[Data records]
_ _ _

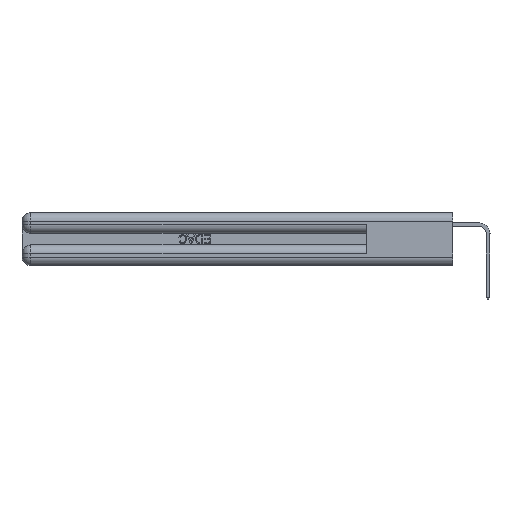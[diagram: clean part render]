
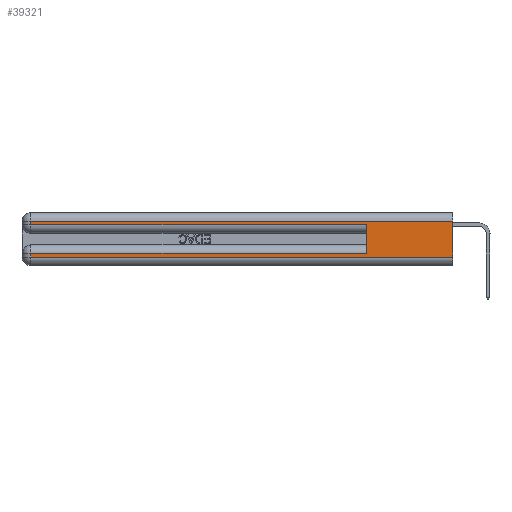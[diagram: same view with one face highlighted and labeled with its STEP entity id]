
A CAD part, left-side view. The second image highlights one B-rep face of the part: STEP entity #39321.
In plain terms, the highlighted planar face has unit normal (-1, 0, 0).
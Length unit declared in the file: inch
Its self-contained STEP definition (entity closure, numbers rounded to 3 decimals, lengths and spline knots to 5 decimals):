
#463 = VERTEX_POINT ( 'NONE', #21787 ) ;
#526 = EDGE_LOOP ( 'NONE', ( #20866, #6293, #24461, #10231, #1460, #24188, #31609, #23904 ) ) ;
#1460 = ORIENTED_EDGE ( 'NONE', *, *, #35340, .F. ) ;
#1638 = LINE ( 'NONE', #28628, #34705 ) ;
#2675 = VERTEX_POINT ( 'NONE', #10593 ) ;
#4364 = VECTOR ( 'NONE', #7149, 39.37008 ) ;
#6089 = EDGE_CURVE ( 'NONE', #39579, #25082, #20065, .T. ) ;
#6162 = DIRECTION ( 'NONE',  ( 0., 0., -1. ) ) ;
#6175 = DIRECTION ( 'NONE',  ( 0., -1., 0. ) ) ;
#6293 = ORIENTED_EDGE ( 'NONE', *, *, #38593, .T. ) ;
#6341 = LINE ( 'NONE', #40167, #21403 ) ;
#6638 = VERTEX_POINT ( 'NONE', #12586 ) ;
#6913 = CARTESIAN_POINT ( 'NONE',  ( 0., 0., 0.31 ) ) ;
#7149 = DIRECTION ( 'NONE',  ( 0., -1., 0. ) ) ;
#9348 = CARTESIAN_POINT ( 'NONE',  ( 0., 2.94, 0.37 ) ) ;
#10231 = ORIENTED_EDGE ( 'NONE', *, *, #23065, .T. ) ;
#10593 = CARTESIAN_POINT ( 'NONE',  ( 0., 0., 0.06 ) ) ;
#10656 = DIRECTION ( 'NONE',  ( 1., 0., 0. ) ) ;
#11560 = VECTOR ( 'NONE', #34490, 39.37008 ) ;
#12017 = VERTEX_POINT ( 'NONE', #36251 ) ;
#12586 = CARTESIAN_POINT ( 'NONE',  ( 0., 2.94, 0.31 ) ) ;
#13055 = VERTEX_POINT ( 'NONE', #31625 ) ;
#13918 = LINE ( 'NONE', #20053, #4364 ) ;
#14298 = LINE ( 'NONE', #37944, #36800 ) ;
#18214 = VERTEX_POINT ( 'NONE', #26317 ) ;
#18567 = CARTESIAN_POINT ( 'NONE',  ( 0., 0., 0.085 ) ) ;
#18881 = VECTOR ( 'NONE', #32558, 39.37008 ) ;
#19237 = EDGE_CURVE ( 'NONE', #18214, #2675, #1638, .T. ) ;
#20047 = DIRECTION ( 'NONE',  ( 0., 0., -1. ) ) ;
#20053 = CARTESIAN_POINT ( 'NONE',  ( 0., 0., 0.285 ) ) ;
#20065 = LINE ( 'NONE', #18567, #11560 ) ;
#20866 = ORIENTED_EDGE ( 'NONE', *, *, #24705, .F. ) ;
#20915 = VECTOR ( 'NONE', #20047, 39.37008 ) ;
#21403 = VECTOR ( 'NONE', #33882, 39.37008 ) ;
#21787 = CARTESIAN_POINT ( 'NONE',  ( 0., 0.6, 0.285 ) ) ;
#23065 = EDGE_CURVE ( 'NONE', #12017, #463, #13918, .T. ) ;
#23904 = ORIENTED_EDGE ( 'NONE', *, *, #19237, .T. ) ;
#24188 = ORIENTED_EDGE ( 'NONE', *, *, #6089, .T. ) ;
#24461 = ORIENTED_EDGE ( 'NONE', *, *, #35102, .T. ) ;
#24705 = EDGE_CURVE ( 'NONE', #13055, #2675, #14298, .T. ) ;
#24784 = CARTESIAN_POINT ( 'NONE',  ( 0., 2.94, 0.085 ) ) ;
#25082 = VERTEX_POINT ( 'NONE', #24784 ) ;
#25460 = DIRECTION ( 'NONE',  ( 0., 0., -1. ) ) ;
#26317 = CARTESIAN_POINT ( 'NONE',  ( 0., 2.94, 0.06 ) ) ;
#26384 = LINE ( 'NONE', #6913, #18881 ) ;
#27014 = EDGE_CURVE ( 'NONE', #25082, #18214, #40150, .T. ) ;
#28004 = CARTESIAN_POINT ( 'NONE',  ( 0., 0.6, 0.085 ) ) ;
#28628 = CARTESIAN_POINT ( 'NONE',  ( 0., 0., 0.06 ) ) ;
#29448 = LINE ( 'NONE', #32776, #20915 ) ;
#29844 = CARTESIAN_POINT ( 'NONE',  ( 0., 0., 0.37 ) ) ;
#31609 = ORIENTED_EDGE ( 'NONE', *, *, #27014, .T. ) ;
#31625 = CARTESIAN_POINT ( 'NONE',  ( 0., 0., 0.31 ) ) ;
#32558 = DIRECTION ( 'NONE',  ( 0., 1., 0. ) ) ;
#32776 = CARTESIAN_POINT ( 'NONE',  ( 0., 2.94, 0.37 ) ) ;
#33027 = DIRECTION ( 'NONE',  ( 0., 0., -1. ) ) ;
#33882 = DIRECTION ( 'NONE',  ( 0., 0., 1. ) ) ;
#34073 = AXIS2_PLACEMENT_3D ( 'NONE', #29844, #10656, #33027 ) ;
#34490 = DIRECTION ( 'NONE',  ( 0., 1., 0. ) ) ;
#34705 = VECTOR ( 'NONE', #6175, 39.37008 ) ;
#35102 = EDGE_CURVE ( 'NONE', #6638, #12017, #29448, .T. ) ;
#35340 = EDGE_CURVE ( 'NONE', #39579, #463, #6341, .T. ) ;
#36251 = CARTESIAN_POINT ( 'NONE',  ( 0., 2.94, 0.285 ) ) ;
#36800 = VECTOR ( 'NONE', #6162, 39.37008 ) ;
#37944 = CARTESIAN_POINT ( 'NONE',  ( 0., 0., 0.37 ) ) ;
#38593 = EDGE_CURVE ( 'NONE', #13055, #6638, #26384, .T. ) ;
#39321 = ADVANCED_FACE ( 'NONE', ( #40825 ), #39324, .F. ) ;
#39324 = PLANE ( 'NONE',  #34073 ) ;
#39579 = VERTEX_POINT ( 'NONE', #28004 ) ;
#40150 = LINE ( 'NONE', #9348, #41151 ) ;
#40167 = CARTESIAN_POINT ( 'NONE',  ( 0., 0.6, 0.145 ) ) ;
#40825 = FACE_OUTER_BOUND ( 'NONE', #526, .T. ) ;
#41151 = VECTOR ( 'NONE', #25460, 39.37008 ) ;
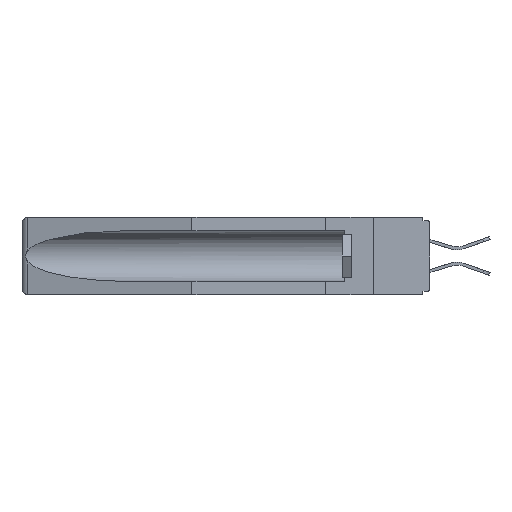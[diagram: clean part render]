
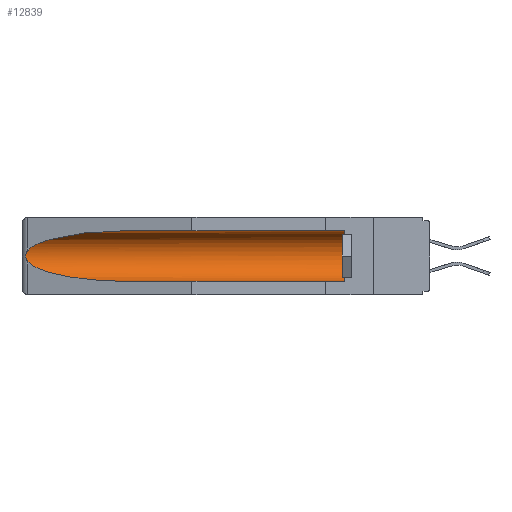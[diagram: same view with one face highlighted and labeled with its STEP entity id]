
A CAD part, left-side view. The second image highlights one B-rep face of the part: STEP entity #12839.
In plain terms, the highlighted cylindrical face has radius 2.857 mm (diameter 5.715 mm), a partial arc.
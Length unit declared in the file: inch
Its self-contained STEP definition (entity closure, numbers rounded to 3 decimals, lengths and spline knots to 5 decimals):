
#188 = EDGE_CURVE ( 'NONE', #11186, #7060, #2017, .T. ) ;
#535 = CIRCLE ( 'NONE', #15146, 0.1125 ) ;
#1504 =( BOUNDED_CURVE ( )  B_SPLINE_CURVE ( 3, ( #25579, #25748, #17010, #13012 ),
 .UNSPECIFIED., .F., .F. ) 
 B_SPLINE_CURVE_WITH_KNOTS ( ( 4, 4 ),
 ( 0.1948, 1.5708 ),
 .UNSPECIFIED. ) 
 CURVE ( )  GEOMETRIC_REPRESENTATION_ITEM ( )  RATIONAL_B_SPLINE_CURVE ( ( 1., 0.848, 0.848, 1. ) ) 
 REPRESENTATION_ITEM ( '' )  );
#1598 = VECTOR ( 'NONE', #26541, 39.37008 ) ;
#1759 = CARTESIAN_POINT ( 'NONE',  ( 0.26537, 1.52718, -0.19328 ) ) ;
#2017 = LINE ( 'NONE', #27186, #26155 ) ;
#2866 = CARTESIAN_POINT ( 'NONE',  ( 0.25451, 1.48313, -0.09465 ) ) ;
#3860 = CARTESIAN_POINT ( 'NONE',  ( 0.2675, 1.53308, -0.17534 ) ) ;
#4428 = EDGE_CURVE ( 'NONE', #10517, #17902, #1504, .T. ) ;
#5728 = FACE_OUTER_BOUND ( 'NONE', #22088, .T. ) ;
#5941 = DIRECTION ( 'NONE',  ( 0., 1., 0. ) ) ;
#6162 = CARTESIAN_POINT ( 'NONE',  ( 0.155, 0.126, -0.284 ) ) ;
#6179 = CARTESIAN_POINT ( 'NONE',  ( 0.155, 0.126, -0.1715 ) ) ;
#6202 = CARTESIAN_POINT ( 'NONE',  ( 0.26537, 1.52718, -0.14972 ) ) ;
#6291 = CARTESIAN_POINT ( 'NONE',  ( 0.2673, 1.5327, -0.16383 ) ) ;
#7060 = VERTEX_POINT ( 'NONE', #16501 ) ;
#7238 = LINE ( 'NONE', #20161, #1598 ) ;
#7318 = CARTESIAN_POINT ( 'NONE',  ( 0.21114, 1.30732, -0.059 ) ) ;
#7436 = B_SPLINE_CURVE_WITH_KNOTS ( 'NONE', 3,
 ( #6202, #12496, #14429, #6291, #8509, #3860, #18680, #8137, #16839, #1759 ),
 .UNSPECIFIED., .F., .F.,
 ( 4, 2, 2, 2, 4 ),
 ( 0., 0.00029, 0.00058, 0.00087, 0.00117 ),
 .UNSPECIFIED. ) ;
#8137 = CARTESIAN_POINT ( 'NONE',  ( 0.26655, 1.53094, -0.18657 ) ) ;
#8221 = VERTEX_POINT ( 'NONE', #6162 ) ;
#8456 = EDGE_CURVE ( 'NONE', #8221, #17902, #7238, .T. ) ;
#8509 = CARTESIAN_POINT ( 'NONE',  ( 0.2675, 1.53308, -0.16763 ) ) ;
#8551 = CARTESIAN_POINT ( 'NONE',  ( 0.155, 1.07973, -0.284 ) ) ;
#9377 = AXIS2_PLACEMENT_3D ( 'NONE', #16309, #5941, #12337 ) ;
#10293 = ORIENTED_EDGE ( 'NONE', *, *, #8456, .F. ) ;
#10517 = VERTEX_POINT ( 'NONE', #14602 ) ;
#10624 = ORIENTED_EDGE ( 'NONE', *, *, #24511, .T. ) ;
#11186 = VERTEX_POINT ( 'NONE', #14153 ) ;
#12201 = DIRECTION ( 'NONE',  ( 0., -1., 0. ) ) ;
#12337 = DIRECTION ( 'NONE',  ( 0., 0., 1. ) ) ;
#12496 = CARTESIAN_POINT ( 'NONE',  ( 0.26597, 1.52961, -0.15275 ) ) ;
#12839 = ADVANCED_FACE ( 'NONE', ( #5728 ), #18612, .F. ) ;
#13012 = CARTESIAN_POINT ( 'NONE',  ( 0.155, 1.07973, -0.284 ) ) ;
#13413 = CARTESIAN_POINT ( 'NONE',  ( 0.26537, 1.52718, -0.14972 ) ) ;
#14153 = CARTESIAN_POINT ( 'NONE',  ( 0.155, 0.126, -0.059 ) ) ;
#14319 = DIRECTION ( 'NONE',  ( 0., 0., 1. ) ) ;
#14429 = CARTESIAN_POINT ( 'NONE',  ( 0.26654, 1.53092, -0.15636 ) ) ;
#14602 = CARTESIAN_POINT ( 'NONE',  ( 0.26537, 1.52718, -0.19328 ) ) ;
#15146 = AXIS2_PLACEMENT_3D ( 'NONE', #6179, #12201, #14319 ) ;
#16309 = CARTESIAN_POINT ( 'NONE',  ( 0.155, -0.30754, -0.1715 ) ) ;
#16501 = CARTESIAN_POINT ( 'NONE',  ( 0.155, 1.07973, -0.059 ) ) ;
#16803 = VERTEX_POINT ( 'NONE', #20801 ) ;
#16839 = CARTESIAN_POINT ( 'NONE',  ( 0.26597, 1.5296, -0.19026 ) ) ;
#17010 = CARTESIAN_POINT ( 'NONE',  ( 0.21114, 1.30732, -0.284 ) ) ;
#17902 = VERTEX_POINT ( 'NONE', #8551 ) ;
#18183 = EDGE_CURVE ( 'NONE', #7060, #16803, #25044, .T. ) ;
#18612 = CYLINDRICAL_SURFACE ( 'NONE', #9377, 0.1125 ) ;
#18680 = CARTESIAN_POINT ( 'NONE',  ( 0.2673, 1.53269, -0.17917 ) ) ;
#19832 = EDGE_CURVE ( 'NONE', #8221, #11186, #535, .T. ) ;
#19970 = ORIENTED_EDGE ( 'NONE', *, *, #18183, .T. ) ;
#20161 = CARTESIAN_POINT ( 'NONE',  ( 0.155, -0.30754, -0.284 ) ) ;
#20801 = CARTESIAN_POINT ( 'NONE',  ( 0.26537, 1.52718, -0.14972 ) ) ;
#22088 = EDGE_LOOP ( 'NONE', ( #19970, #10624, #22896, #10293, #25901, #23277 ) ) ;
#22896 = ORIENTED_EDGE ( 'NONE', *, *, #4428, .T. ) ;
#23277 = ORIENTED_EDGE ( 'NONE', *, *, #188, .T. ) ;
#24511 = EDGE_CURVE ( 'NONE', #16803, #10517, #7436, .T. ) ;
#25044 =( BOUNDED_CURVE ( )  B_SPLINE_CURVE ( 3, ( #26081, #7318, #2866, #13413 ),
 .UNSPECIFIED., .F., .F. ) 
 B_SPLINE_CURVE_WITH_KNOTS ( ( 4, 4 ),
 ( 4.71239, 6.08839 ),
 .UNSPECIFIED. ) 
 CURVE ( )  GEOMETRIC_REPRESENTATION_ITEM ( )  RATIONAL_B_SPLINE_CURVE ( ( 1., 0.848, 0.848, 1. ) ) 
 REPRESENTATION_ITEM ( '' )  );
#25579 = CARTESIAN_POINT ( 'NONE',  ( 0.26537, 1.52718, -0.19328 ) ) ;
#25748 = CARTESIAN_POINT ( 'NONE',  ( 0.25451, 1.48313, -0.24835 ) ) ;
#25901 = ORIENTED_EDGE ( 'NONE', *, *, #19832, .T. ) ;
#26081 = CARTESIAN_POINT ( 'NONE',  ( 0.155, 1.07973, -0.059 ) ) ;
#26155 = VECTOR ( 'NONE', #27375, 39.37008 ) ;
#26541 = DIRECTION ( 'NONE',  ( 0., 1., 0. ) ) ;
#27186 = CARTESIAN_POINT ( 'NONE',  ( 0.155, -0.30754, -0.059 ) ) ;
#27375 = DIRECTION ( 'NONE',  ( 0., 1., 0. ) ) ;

_ _ _

• **Exercise instructions**
Copying begins at the line that holds "#22088 = EDGE_LOOP" and ends at the last line of the data above, with both included and each line kept exactly.

• **Final answer**
#22088 = EDGE_LOOP ( 'NONE', ( #19970, #10624, #22896, #10293, #25901, #23277 ) ) ;
#22896 = ORIENTED_EDGE ( 'NONE', *, *, #4428, .T. ) ;
#23277 = ORIENTED_EDGE ( 'NONE', *, *, #188, .T. ) ;
#24511 = EDGE_CURVE ( 'NONE', #16803, #10517, #7436, .T. ) ;
#25044 =( BOUNDED_CURVE ( )  B_SPLINE_CURVE ( 3, ( #26081, #7318, #2866, #13413 ),
 .UNSPECIFIED., .F., .F. ) 
 B_SPLINE_CURVE_WITH_KNOTS ( ( 4, 4 ),
 ( 4.71239, 6.08839 ),
 .UNSPECIFIED. ) 
 CURVE ( )  GEOMETRIC_REPRESENTATION_ITEM ( )  RATIONAL_B_SPLINE_CURVE ( ( 1., 0.848, 0.848, 1. ) ) 
 REPRESENTATION_ITEM ( '' )  );
#25579 = CARTESIAN_POINT ( 'NONE',  ( 0.26537, 1.52718, -0.19328 ) ) ;
#25748 = CARTESIAN_POINT ( 'NONE',  ( 0.25451, 1.48313, -0.24835 ) ) ;
#25901 = ORIENTED_EDGE ( 'NONE', *, *, #19832, .T. ) ;
#26081 = CARTESIAN_POINT ( 'NONE',  ( 0.155, 1.07973, -0.059 ) ) ;
#26155 = VECTOR ( 'NONE', #27375, 39.37008 ) ;
#26541 = DIRECTION ( 'NONE',  ( 0., 1., 0. ) ) ;
#27186 = CARTESIAN_POINT ( 'NONE',  ( 0.155, -0.30754, -0.059 ) ) ;
#27375 = DIRECTION ( 'NONE',  ( 0., 1., 0. ) ) ;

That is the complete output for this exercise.